ABOUT THIS TASK
Please set down every entry from the listing below, word for word.

RECORDS SUPPLIED
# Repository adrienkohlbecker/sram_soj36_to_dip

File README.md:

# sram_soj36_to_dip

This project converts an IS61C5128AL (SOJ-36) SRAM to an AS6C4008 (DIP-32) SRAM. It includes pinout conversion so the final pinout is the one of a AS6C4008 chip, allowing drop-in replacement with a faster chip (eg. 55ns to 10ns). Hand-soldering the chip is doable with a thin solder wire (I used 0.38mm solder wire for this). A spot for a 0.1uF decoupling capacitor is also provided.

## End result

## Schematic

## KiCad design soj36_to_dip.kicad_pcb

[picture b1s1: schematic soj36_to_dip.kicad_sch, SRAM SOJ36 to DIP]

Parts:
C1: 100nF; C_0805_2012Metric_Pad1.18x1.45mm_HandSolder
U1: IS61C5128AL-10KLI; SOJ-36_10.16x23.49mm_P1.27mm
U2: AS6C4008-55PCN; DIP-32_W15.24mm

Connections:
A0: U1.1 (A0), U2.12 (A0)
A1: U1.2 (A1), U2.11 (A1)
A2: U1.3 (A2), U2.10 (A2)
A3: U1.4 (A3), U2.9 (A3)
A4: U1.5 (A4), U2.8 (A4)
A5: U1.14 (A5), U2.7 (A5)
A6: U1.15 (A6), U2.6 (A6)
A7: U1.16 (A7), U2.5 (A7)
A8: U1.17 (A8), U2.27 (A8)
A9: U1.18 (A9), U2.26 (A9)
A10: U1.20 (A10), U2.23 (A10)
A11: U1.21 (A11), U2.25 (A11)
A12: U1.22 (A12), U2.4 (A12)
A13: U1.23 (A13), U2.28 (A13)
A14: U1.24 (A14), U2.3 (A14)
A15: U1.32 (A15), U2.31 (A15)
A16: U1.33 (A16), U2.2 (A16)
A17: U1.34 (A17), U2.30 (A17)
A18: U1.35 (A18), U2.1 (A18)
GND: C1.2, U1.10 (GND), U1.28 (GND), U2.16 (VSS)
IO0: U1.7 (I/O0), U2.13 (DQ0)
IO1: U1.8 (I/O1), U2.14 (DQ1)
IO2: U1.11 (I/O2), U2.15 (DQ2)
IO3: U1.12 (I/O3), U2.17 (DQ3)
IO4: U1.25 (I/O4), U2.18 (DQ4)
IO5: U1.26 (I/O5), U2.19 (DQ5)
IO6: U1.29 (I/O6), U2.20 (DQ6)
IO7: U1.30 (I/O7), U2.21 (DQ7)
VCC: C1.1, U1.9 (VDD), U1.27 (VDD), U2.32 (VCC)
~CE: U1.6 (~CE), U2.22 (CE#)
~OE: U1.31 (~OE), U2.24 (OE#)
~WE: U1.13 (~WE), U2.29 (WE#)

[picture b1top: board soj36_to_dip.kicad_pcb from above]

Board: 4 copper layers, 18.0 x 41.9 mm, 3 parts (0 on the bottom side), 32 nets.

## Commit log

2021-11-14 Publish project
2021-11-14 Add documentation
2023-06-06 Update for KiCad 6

RESPONSE AREA
# Repository adrienkohlbecker/sram_soj36_to_dip

File README.md:

# sram_soj36_to_dip

This project converts an IS61C5128AL (SOJ-36) SRAM to an AS6C4008 (DIP-32) SRAM. It includes pinout conversion so the final pinout is the one of a AS6C4008 chip, allowing drop-in replacement with a faster chip (eg. 55ns to 10ns). Hand-soldering the chip is doable with a thin solder wire (I used 0.38mm solder wire for this). A spot for a 0.1uF decoupling capacitor is also provided.

## End result

## Schematic

## KiCad design soj36_to_dip.kicad_pcb

[picture b1s1: schematic soj36_to_dip.kicad_sch, SRAM SOJ36 to DIP]

Parts:
C1: 100nF; C_0805_2012Metric_Pad1.18x1.45mm_HandSolder
U1: IS61C5128AL-10KLI; SOJ-36_10.16x23.49mm_P1.27mm
U2: AS6C4008-55PCN; DIP-32_W15.24mm

Connections:
A0: U1.1 (A0), U2.12 (A0)
A1: U1.2 (A1), U2.11 (A1)
A2: U1.3 (A2), U2.10 (A2)
A3: U1.4 (A3), U2.9 (A3)
A4: U1.5 (A4), U2.8 (A4)
A5: U1.14 (A5), U2.7 (A5)
A6: U1.15 (A6), U2.6 (A6)
A7: U1.16 (A7), U2.5 (A7)
A8: U1.17 (A8), U2.27 (A8)
A9: U1.18 (A9), U2.26 (A9)
A10: U1.20 (A10), U2.23 (A10)
A11: U1.21 (A11), U2.25 (A11)
A12: U1.22 (A12), U2.4 (A12)
A13: U1.23 (A13), U2.28 (A13)
A14: U1.24 (A14), U2.3 (A14)
A15: U1.32 (A15), U2.31 (A15)
A16: U1.33 (A16), U2.2 (A16)
A17: U1.34 (A17), U2.30 (A17)
A18: U1.35 (A18), U2.1 (A18)
GND: C1.2, U1.10 (GND), U1.28 (GND), U2.16 (VSS)
IO0: U1.7 (I/O0), U2.13 (DQ0)
IO1: U1.8 (I/O1), U2.14 (DQ1)
IO2: U1.11 (I/O2), U2.15 (DQ2)
IO3: U1.12 (I/O3), U2.17 (DQ3)
IO4: U1.25 (I/O4), U2.18 (DQ4)
IO5: U1.26 (I/O5), U2.19 (DQ5)
IO6: U1.29 (I/O6), U2.20 (DQ6)
IO7: U1.30 (I/O7), U2.21 (DQ7)
VCC: C1.1, U1.9 (VDD), U1.27 (VDD), U2.32 (VCC)
~CE: U1.6 (~CE), U2.22 (CE#)
~OE: U1.31 (~OE), U2.24 (OE#)
~WE: U1.13 (~WE), U2.29 (WE#)

[picture b1top: board soj36_to_dip.kicad_pcb from above]

Board: 4 copper layers, 18.0 x 41.9 mm, 3 parts (0 on the bottom side), 32 nets.

## Commit log

2021-11-14 Publish project
2021-11-14 Add documentation
2023-06-06 Update for KiCad 6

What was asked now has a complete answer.